**SOURCE DATA:**
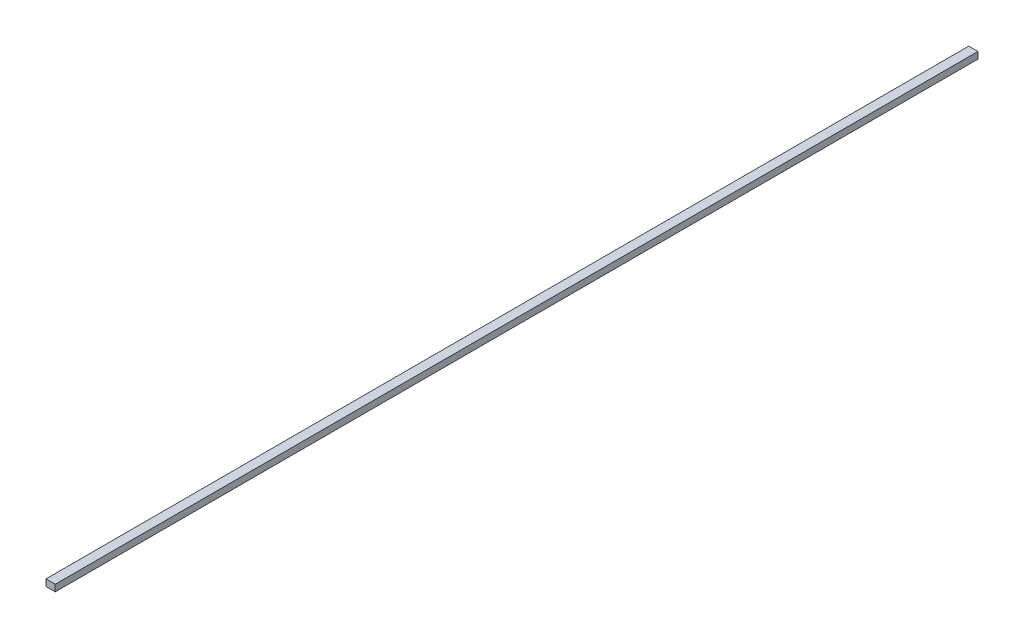
ISO-10303-21;
HEADER;
FILE_DESCRIPTION(('STEP AP214'),'2;1');
FILE_NAME('part.step','',(''),(''),'','','');
FILE_SCHEMA(('AUTOMOTIVE_DESIGN { 1 0 10303 214 1 1 1 1 }'));
ENDSEC;
DATA;
#1=APPLICATION_CONTEXT('core data for automotive mechanical design processes');
#2=APPLICATION_PROTOCOL_DEFINITION('international standard','automotive_design',2000,#1);
#3=PRODUCT_CONTEXT('',#1,'mechanical');
#4=PRODUCT('Part','Part','',(#3));
#5=PRODUCT_RELATED_PRODUCT_CATEGORY('part','',(#4));
#6=PRODUCT_DEFINITION_FORMATION('','',#4);
#7=PRODUCT_DEFINITION_CONTEXT('part definition',#1,'design');
#8=PRODUCT_DEFINITION('design','',#6,#7);
#9=PRODUCT_DEFINITION_SHAPE('','',#8);
#10=(LENGTH_UNIT() NAMED_UNIT(*) SI_UNIT(.MILLI.,.METRE.));
#11=(NAMED_UNIT(*) PLANE_ANGLE_UNIT() SI_UNIT($,.RADIAN.));
#12=(NAMED_UNIT(*) SI_UNIT($,.STERADIAN.) SOLID_ANGLE_UNIT());
#13=UNCERTAINTY_MEASURE_WITH_UNIT(LENGTH_MEASURE(1.E-05),#10,'distance_accuracy_value','');
#14=(GEOMETRIC_REPRESENTATION_CONTEXT(3) GLOBAL_UNCERTAINTY_ASSIGNED_CONTEXT((#13)) GLOBAL_UNIT_ASSIGNED_CONTEXT((#10,
#11,#12)) REPRESENTATION_CONTEXT('',''));
#15=CARTESIAN_POINT('',(0.,0.,0.));
#16=DIRECTION('',(0.,0.,1.));
#17=DIRECTION('',(1.,0.,0.));
#18=AXIS2_PLACEMENT_3D('',#15,#16,#17);
#19=CARTESIAN_POINT('',(0.,0.,500.));
#20=DIRECTION('',(1.,0.,0.));
#21=DIRECTION('',(0.,0.,-1.));
#22=AXIS2_PLACEMENT_3D('',#19,#20,#21);
#23=PLANE('',#22);
#24=DIRECTION('',(0.,-1.,0.));
#25=VECTOR('',#24,1.);
#26=CARTESIAN_POINT('',(0.,0.,0.));
#27=LINE('',#26,#25);
#28=CARTESIAN_POINT('',(0.,3.6,0.));
#29=VERTEX_POINT('',#28);
#30=CARTESIAN_POINT('',(0.,0.,0.));
#31=VERTEX_POINT('',#30);
#32=EDGE_CURVE('E98',#29,#31,#27,.T.);
#33=ORIENTED_EDGE('',*,*,#32,.T.);
#34=DIRECTION('',(0.,0.,-1.));
#35=VECTOR('',#34,1.);
#36=CARTESIAN_POINT('',(0.,0.,500.));
#37=LINE('',#36,#35);
#38=CARTESIAN_POINT('',(0.,0.,500.));
#39=VERTEX_POINT('',#38);
#40=EDGE_CURVE('E11',#39,#31,#37,.T.);
#41=ORIENTED_EDGE('',*,*,#40,.F.);
#42=DIRECTION('',(0.,-1.,0.));
#43=VECTOR('',#42,1.);
#44=CARTESIAN_POINT('',(0.,0.,500.));
#45=LINE('',#44,#43);
#46=CARTESIAN_POINT('',(0.,3.6,500.));
#47=VERTEX_POINT('',#46);
#48=EDGE_CURVE('E86',#47,#39,#45,.T.);
#49=ORIENTED_EDGE('',*,*,#48,.F.);
#50=DIRECTION('',(0.,0.,-1.));
#51=VECTOR('',#50,1.);
#52=CARTESIAN_POINT('',(0.,3.6,500.));
#53=LINE('',#52,#51);
#54=EDGE_CURVE('E94',#47,#29,#53,.T.);
#55=ORIENTED_EDGE('',*,*,#54,.T.);
#56=EDGE_LOOP('',(#33,#41,#49,#55));
#57=FACE_BOUND('',#56,.T.);
#58=ADVANCED_FACE('F35',(#57),#23,.F.);
#59=CARTESIAN_POINT('',(0.,0.,500.));
#60=DIRECTION('',(0.,1.,0.));
#61=DIRECTION('',(0.,0.,1.));
#62=AXIS2_PLACEMENT_3D('',#59,#60,#61);
#63=PLANE('',#62);
#64=DIRECTION('',(1.,0.,0.));
#65=VECTOR('',#64,1.);
#66=CARTESIAN_POINT('',(0.,0.,0.));
#67=LINE('',#66,#65);
#68=CARTESIAN_POINT('',(5.,0.,0.));
#69=VERTEX_POINT('',#68);
#70=EDGE_CURVE('E90',#31,#69,#67,.T.);
#71=ORIENTED_EDGE('',*,*,#70,.T.);
#72=DIRECTION('',(0.,0.,-1.));
#73=VECTOR('',#72,1.);
#74=CARTESIAN_POINT('',(5.,0.,500.));
#75=LINE('',#74,#73);
#76=CARTESIAN_POINT('',(5.,0.,500.));
#77=VERTEX_POINT('',#76);
#78=EDGE_CURVE('E43',#77,#69,#75,.T.);
#79=ORIENTED_EDGE('',*,*,#78,.F.);
#80=DIRECTION('',(1.,0.,0.));
#81=VECTOR('',#80,1.);
#82=CARTESIAN_POINT('',(0.,0.,500.));
#83=LINE('',#82,#81);
#84=EDGE_CURVE('E81',#39,#77,#83,.T.);
#85=ORIENTED_EDGE('',*,*,#84,.F.);
#86=ORIENTED_EDGE('',*,*,#40,.T.);
#87=EDGE_LOOP('',(#71,#79,#85,#86));
#88=FACE_BOUND('',#87,.T.);
#89=ADVANCED_FACE('F89',(#88),#63,.F.);
#90=CARTESIAN_POINT('',(5.,0.,500.));
#91=DIRECTION('',(-1.,0.,0.));
#92=DIRECTION('',(0.,0.,1.));
#93=AXIS2_PLACEMENT_3D('',#90,#91,#92);
#94=PLANE('',#93);
#95=DIRECTION('',(0.,1.,0.));
#96=VECTOR('',#95,1.);
#97=CARTESIAN_POINT('',(5.,0.,0.));
#98=LINE('',#97,#96);
#99=CARTESIAN_POINT('',(5.,3.6,0.));
#100=VERTEX_POINT('',#99);
#101=EDGE_CURVE('E68',#69,#100,#98,.T.);
#102=ORIENTED_EDGE('',*,*,#101,.T.);
#103=DIRECTION('',(0.,0.,-1.));
#104=VECTOR('',#103,1.);
#105=CARTESIAN_POINT('',(5.,3.6,500.));
#106=LINE('',#105,#104);
#107=CARTESIAN_POINT('',(5.,3.6,500.));
#108=VERTEX_POINT('',#107);
#109=EDGE_CURVE('E91',#108,#100,#106,.T.);
#110=ORIENTED_EDGE('',*,*,#109,.F.);
#111=DIRECTION('',(0.,1.,0.));
#112=VECTOR('',#111,1.);
#113=CARTESIAN_POINT('',(5.,0.,500.));
#114=LINE('',#113,#112);
#115=EDGE_CURVE('E84',#77,#108,#114,.T.);
#116=ORIENTED_EDGE('',*,*,#115,.F.);
#117=ORIENTED_EDGE('',*,*,#78,.T.);
#118=EDGE_LOOP('',(#102,#110,#116,#117));
#119=FACE_BOUND('',#118,.T.);
#120=ADVANCED_FACE('F92',(#119),#94,.F.);
#121=CARTESIAN_POINT('',(0.,3.6,500.));
#122=DIRECTION('',(0.,-1.,0.));
#123=DIRECTION('',(1.,0.,0.));
#124=AXIS2_PLACEMENT_3D('',#121,#122,#123);
#125=PLANE('',#124);
#126=DIRECTION('',(-1.,0.,0.));
#127=VECTOR('',#126,1.);
#128=CARTESIAN_POINT('',(0.,3.6,0.));
#129=LINE('',#128,#127);
#130=EDGE_CURVE('E74',#100,#29,#129,.T.);
#131=ORIENTED_EDGE('',*,*,#130,.T.);
#132=ORIENTED_EDGE('',*,*,#54,.F.);
#133=DIRECTION('',(-1.,0.,0.));
#134=VECTOR('',#133,1.);
#135=CARTESIAN_POINT('',(0.,3.6,500.));
#136=LINE('',#135,#134);
#137=EDGE_CURVE('E51',#108,#47,#136,.T.);
#138=ORIENTED_EDGE('',*,*,#137,.F.);
#139=ORIENTED_EDGE('',*,*,#109,.T.);
#140=EDGE_LOOP('',(#131,#132,#138,#139));
#141=FACE_BOUND('',#140,.T.);
#142=ADVANCED_FACE('F105',(#141),#125,.F.);
#143=CARTESIAN_POINT('',(0.,0.,500.));
#144=DIRECTION('',(0.,0.,-1.));
#145=DIRECTION('',(-1.,0.,0.));
#146=AXIS2_PLACEMENT_3D('',#143,#144,#145);
#147=PLANE('',#146);
#148=ORIENTED_EDGE('',*,*,#48,.T.);
#149=ORIENTED_EDGE('',*,*,#84,.T.);
#150=ORIENTED_EDGE('',*,*,#115,.T.);
#151=ORIENTED_EDGE('',*,*,#137,.T.);
#152=EDGE_LOOP('',(#148,#149,#150,#151));
#153=FACE_BOUND('',#152,.T.);
#154=ADVANCED_FACE('F82',(#153),#147,.F.);
#155=CARTESIAN_POINT('',(0.,0.,0.));
#156=DIRECTION('',(0.,0.,-1.));
#157=DIRECTION('',(-1.,0.,0.));
#158=AXIS2_PLACEMENT_3D('',#155,#156,#157);
#159=PLANE('',#158);
#160=ORIENTED_EDGE('',*,*,#32,.F.);
#161=ORIENTED_EDGE('',*,*,#130,.F.);
#162=ORIENTED_EDGE('',*,*,#101,.F.);
#163=ORIENTED_EDGE('',*,*,#70,.F.);
#164=EDGE_LOOP('',(#160,#161,#162,#163));
#165=FACE_BOUND('',#164,.T.);
#166=ADVANCED_FACE('F108',(#165),#159,.T.);
#167=CLOSED_SHELL('',(#58,#89,#120,#142,#154,#166));
#168=MANIFOLD_SOLID_BREP('B2',#167);
#169=ADVANCED_BREP_SHAPE_REPRESENTATION('',(#18,#168),#14);
#170=SHAPE_DEFINITION_REPRESENTATION(#9,#169);
ENDSEC;
END-ISO-10303-21;

**WORK REQUEST:**
Return exactly the lines from the line holding "#168=MANIFOLD_SOLID_BREP('B2',#167);" to the last line of the data, with both of those lines included and nothing added.

**ANSWER FOR THIS EXERCISE:**
#168=MANIFOLD_SOLID_BREP('B2',#167);
#169=ADVANCED_BREP_SHAPE_REPRESENTATION('',(#18,#168),#14);
#170=SHAPE_DEFINITION_REPRESENTATION(#9,#169);
ENDSEC;
END-ISO-10303-21;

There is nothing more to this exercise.